Research

What makes a star explode and eject its material into space to create planets like earth? What is the mass of the neutrino? And what forces govern the properties of nuclei? Although these questions are very diverse, the research group that I lead uses a common tool to investigate all: charge-exchange reactions. In a nuclear reaction, a projectile nucleus collides with a target nucleus. In a charge-exchange reaction, they exchange a proton for a neutron. These reactions can inform us about electron capture and beta decays that take play important roles in astrophysical phenomena. We are especially interested in supernovae, neutron stars, and processes that create elements in the universe. Another category of processes that we study are those that involve reactions with neutrinos. Such processes also have astrophysical applications. In addition, they help us better understand how these strange particles interact with matter. Finally, we study giant resonances, which are collective oscillations of nuclei that can inform us about bulk properties and equation of state of nuclear matter, which are also important in studying dense stellar phenomena, such as supernovae and neutron stars. To pursue these objectives, we perform experiment with fast beam of rare isotope and use the spectrometer at FRIB, in combination with neutron, gamma, and charged-particle detectors. An important aspect of the research performed is to directly couple the experimental results to astrophysical simulations in order to effectively increase our understanding and interpretation of astronomical observations.  

Biography

I was born and stayed in the Netherlands until I finished my PhD in 1999 at the University of Groningen. My master’s degree was in Technical Physics, with a focus on materials science. I switched to experimental nuclear science and performed my thesis work on charge-exchange reactions and giant resonances at the Kernfysisch Versneller Instituut, which also included analysis of data from an experiment at the Indiana University Cyclotron Facility. After graduation, I worked as a postdoc at the SPring-8 facility (focusing on the photoproduction of kaons) and the Research Center for Nuclear Physics (focusing on nuclear charge-exchange reactions) in Japan. In 2003, I joined the Lab and founded the charge-exchange research group. We do a wide variety of experiments and play a leading role in the development of charge-exchange reactions with rare isotope beams. Because my research involves magnetic spectrometers, I led the planning for a new High Rigidity Spectrometer at FRIB that will greatly advance the opportunities for research with very neutron-rich nuclei and presently serve as the scientific spokesperson for this project. Finally, I am passionate about the education and training of junior researchers, and my career has included several roles in support of these activities.

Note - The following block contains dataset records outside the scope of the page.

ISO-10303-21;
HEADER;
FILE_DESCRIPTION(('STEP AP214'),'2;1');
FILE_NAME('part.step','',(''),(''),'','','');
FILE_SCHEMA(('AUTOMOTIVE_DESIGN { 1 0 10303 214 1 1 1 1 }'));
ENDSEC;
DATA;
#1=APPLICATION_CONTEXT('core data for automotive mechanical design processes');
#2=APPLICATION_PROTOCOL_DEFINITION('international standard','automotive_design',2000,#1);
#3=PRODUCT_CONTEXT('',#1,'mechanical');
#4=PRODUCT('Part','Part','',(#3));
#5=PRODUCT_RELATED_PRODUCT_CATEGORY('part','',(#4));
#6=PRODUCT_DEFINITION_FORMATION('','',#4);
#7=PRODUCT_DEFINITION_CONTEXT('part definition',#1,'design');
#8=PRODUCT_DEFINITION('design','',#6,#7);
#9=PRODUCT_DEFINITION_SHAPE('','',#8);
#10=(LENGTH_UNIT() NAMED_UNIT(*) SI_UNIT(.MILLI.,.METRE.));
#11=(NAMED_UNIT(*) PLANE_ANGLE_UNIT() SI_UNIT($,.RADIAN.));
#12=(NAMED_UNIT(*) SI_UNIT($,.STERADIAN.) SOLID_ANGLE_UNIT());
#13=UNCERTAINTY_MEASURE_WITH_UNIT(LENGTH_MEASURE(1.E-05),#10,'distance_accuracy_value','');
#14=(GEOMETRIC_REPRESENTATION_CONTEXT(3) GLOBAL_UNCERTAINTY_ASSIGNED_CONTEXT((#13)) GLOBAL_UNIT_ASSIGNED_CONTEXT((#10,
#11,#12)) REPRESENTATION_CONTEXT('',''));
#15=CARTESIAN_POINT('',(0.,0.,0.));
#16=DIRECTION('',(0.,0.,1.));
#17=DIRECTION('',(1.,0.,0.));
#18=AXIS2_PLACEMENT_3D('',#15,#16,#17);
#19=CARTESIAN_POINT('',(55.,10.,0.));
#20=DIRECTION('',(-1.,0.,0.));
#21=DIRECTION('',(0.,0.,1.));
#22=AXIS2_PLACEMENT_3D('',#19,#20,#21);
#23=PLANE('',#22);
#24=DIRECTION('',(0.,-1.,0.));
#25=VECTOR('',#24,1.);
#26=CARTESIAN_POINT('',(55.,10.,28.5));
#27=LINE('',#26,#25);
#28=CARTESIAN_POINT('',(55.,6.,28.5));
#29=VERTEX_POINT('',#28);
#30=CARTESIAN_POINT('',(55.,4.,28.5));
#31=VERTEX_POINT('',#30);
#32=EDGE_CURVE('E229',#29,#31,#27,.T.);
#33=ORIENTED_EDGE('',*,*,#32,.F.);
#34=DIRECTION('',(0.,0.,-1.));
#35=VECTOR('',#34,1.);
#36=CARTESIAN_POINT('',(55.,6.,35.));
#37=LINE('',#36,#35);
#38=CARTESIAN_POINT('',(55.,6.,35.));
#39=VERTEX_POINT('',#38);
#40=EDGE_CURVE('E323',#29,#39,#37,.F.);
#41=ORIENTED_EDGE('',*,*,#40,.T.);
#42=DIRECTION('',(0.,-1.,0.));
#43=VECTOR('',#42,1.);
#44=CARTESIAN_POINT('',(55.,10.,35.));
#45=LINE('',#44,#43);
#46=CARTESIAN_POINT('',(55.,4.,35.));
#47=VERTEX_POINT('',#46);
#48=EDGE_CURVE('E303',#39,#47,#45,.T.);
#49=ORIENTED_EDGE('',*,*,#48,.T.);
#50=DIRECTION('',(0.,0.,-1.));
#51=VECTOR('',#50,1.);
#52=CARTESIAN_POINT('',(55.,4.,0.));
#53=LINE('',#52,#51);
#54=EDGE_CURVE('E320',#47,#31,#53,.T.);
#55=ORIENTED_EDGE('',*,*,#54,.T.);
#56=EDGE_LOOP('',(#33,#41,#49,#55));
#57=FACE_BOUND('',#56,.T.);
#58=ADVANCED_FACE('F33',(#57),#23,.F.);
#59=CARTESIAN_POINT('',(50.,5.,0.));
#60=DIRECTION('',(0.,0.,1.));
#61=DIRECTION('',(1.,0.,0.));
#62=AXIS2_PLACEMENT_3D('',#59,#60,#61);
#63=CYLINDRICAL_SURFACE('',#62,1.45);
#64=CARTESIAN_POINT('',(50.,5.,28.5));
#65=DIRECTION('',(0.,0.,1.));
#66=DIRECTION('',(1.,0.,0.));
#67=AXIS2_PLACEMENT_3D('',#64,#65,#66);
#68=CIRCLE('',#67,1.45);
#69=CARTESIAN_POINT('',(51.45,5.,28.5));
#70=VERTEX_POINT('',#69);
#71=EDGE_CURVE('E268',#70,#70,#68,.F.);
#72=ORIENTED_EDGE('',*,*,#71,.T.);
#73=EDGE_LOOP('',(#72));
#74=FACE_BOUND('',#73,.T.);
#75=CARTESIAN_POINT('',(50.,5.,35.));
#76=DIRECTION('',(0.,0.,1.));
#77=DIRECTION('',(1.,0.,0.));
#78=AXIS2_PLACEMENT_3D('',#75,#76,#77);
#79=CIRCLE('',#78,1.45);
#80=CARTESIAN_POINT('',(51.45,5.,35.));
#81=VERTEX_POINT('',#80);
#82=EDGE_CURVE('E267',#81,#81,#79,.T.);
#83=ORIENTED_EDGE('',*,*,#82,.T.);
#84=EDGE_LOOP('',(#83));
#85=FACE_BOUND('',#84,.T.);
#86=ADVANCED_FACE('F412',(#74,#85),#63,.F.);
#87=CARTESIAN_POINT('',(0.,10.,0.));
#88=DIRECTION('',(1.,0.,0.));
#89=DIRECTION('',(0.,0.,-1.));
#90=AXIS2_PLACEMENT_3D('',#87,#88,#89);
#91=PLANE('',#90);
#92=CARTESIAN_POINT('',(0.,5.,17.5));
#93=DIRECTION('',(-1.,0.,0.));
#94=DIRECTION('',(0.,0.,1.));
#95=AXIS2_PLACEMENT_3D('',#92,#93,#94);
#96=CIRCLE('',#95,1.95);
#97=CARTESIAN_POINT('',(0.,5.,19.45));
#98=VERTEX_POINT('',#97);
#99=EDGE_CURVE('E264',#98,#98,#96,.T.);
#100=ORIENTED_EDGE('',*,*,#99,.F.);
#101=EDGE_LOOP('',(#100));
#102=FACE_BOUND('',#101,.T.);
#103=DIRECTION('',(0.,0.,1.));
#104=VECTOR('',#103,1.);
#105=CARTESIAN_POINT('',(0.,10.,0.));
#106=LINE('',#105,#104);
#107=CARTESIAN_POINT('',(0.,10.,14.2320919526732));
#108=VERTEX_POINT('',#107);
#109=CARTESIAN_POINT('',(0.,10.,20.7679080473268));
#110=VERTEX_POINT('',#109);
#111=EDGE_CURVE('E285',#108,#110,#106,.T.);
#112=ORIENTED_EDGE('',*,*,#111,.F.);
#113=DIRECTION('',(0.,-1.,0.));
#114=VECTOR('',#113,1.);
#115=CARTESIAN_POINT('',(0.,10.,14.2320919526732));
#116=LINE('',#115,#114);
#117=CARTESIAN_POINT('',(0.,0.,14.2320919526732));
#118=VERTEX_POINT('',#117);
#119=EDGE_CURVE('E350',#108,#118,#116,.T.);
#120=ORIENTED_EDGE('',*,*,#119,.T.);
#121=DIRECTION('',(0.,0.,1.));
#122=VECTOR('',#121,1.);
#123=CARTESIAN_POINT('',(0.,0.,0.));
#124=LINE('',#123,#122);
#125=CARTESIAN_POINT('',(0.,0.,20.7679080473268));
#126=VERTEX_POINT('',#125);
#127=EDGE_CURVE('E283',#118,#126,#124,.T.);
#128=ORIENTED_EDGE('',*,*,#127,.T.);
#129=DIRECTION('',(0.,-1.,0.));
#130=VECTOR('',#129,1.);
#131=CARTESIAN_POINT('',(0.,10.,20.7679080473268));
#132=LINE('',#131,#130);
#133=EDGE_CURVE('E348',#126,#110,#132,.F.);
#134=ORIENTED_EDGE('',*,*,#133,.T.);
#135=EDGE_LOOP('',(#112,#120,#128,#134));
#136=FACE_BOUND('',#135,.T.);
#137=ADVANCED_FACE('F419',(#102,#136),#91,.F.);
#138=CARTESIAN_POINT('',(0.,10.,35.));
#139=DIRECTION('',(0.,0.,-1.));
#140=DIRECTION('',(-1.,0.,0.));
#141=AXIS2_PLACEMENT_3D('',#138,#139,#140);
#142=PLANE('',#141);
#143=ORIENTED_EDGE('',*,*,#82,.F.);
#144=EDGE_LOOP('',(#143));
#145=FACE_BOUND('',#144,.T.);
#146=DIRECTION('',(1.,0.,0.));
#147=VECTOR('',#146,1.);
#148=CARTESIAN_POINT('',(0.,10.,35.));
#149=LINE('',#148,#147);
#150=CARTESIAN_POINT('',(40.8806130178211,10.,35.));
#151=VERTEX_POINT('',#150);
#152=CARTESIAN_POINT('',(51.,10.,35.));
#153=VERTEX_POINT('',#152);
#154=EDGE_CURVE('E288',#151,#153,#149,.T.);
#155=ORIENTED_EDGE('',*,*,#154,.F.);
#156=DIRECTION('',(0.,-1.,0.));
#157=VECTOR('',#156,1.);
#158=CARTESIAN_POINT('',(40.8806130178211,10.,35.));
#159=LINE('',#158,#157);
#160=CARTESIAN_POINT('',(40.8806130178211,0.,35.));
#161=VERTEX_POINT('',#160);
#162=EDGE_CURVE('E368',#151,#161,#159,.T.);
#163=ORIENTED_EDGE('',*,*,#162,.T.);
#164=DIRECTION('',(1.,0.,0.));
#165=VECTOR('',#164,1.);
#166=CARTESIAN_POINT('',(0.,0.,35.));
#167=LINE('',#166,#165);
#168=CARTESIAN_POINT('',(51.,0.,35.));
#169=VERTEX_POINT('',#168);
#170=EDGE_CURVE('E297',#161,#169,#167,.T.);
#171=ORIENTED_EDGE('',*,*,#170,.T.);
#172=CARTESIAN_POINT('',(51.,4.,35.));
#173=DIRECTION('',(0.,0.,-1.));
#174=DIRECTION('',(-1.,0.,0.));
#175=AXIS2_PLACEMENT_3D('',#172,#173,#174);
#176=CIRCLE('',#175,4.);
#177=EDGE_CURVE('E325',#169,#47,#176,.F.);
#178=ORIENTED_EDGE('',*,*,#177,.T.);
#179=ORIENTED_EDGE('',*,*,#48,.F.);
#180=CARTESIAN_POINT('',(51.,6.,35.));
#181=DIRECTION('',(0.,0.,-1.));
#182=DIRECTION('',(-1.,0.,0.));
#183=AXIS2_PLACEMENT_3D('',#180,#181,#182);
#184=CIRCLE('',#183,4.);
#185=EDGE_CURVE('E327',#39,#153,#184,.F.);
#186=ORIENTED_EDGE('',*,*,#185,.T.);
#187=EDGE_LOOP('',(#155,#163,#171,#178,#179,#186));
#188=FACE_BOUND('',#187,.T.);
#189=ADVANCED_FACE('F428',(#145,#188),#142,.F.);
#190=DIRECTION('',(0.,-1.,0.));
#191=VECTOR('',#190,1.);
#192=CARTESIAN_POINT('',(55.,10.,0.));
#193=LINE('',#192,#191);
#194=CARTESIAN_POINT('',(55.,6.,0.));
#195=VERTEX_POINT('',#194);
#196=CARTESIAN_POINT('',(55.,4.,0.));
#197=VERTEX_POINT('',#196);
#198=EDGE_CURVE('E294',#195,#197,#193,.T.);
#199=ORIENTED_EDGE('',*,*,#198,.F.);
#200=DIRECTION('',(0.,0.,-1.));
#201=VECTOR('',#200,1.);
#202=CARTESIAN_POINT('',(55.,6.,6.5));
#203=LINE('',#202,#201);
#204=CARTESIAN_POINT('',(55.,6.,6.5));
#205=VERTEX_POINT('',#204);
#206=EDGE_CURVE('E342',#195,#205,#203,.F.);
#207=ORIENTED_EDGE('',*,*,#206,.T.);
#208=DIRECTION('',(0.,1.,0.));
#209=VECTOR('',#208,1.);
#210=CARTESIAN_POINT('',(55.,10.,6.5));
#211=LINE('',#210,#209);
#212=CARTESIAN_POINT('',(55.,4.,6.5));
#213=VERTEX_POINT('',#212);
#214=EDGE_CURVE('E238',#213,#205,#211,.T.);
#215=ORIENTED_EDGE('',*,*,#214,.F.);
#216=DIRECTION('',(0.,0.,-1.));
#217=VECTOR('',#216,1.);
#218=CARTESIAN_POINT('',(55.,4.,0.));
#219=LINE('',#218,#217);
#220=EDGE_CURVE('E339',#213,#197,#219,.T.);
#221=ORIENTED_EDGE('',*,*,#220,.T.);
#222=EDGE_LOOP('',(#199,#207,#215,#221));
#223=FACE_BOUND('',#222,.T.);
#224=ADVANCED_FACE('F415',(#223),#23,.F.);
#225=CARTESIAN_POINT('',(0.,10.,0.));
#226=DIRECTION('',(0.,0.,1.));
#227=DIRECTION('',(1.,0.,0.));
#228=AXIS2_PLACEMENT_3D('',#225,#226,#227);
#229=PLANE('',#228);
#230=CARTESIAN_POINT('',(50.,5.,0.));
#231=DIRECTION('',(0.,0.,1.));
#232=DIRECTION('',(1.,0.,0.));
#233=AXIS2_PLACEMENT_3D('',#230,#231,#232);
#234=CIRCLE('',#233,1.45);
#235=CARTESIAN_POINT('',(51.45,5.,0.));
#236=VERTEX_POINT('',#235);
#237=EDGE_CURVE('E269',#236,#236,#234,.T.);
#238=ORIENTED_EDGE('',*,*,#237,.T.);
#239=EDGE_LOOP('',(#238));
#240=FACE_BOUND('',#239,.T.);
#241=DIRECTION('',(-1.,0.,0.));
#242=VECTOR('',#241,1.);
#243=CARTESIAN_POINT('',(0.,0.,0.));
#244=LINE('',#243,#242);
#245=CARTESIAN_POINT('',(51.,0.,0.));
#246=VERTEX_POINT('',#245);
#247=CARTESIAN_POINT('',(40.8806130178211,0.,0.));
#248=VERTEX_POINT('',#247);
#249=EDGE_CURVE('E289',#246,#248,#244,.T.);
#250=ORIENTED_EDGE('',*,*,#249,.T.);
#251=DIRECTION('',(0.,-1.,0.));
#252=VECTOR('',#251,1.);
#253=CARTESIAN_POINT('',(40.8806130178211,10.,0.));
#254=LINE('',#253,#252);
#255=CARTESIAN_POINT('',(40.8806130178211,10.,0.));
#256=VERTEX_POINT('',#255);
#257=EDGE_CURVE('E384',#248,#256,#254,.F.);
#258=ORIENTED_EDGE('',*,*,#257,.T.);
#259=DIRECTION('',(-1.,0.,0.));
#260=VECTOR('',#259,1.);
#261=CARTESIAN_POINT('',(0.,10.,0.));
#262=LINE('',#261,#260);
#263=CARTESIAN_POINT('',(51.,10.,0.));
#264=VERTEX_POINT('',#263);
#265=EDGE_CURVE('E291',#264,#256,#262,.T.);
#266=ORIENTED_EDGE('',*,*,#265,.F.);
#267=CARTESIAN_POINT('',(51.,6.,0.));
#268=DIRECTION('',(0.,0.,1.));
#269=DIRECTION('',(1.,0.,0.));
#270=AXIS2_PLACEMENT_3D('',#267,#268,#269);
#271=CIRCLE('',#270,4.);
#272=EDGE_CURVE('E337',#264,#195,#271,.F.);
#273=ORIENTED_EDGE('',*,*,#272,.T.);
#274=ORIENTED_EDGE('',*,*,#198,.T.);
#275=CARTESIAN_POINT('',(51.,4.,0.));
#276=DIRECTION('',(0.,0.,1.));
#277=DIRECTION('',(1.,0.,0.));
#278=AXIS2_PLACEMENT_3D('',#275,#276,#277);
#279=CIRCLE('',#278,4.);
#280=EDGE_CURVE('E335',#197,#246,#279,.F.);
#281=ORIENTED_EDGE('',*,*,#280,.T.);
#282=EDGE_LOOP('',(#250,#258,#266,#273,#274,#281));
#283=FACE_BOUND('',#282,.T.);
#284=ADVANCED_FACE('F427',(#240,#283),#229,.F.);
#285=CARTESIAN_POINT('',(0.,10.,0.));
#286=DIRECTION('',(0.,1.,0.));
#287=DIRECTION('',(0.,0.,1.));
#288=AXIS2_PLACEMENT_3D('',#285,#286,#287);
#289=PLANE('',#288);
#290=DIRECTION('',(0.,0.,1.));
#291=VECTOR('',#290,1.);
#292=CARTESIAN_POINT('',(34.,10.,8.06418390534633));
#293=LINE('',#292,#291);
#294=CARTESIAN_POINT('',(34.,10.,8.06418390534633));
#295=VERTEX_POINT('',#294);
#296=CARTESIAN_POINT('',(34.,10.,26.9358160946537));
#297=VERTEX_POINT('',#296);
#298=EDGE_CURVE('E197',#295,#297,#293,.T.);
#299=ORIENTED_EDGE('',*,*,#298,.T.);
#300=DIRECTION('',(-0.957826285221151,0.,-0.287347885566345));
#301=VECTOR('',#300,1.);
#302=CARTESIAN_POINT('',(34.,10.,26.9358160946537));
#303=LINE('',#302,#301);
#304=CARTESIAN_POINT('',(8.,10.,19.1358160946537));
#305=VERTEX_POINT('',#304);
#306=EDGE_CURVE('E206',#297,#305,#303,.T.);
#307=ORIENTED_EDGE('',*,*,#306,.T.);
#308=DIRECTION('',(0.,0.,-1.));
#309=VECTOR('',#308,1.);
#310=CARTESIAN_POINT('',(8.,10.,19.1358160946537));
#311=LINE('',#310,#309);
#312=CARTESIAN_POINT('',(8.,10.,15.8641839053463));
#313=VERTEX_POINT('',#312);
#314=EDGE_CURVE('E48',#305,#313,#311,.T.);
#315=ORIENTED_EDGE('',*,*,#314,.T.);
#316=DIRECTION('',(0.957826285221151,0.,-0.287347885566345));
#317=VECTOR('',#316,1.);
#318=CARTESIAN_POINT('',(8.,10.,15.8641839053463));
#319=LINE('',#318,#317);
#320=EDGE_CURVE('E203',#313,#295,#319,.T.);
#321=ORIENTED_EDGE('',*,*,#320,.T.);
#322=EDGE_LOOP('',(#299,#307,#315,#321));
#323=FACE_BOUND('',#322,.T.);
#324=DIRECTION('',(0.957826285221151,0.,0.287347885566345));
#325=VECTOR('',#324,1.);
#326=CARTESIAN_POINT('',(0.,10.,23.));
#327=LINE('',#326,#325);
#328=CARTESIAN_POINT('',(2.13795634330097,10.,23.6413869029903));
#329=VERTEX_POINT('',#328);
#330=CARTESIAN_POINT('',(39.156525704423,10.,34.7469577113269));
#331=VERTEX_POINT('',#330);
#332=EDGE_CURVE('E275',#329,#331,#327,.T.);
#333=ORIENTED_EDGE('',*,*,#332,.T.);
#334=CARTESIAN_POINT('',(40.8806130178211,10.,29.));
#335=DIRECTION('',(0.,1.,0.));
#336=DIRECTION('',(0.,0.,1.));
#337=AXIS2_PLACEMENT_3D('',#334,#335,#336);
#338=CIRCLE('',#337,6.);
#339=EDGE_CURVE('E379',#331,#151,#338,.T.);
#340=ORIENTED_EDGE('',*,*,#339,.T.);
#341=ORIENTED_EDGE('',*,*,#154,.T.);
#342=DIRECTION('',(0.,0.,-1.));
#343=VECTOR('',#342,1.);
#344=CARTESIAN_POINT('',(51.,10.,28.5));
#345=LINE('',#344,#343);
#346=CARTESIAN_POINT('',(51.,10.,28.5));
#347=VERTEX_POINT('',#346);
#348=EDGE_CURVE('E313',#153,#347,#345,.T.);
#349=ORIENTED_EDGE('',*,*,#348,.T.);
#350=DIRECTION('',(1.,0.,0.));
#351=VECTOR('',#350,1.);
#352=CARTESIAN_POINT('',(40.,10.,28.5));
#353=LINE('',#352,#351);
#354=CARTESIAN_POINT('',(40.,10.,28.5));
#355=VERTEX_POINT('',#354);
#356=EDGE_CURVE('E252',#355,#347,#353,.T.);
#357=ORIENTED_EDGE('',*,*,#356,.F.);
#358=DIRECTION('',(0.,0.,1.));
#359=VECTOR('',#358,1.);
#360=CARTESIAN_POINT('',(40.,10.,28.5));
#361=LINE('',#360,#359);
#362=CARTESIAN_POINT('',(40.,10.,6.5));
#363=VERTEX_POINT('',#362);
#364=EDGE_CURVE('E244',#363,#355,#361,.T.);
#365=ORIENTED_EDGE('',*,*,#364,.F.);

How students can contribute as part of my research team

Students in my research group are active in the preparation, running, and interpretation of experiments performed at FRIB or the Research Center for Nuclear Physics (RCNP) in Japan. In addition, we build detector systems for these experiments, such as the low-energy neutron detector array. Although we work closely with theorists and astrophysicists, we do a lot of the calculations ourselves, and students can be strongly engaged with these aspects as well. Therefore, research projects can be adapted to meet the interests of students in the group, and students can gain expertise in a broad range of topics, especially since we also work closely with other groups at FRIB, and beyond, who have developed detector systems that we use in experiments. With the development of tools to study charge-exchange reactions with rare-isotope beams, we are very excited to study these reactions far from stability at FRIB. Students who have graduated in my group have pursued careers in academia, national laboratories, industry, and governmental agencies and contractors, and the multidisciplinary aspects of the research conducted in my group benefits the skill development for such careers.

Scientific publications

• β⁺ Gamow-Teller Strengths from Unstable ¹⁴O via the (d,²He) Reaction in Inverse Kinematics, S. Giraud et al., Phys. Rev. Lett. 130, 232301
• The Sensitivity of Core-Collapse Supernovae to nuclear Electron Capture – C. Sullivan et al., The Astrophysical Journal, 816, 44 (2015).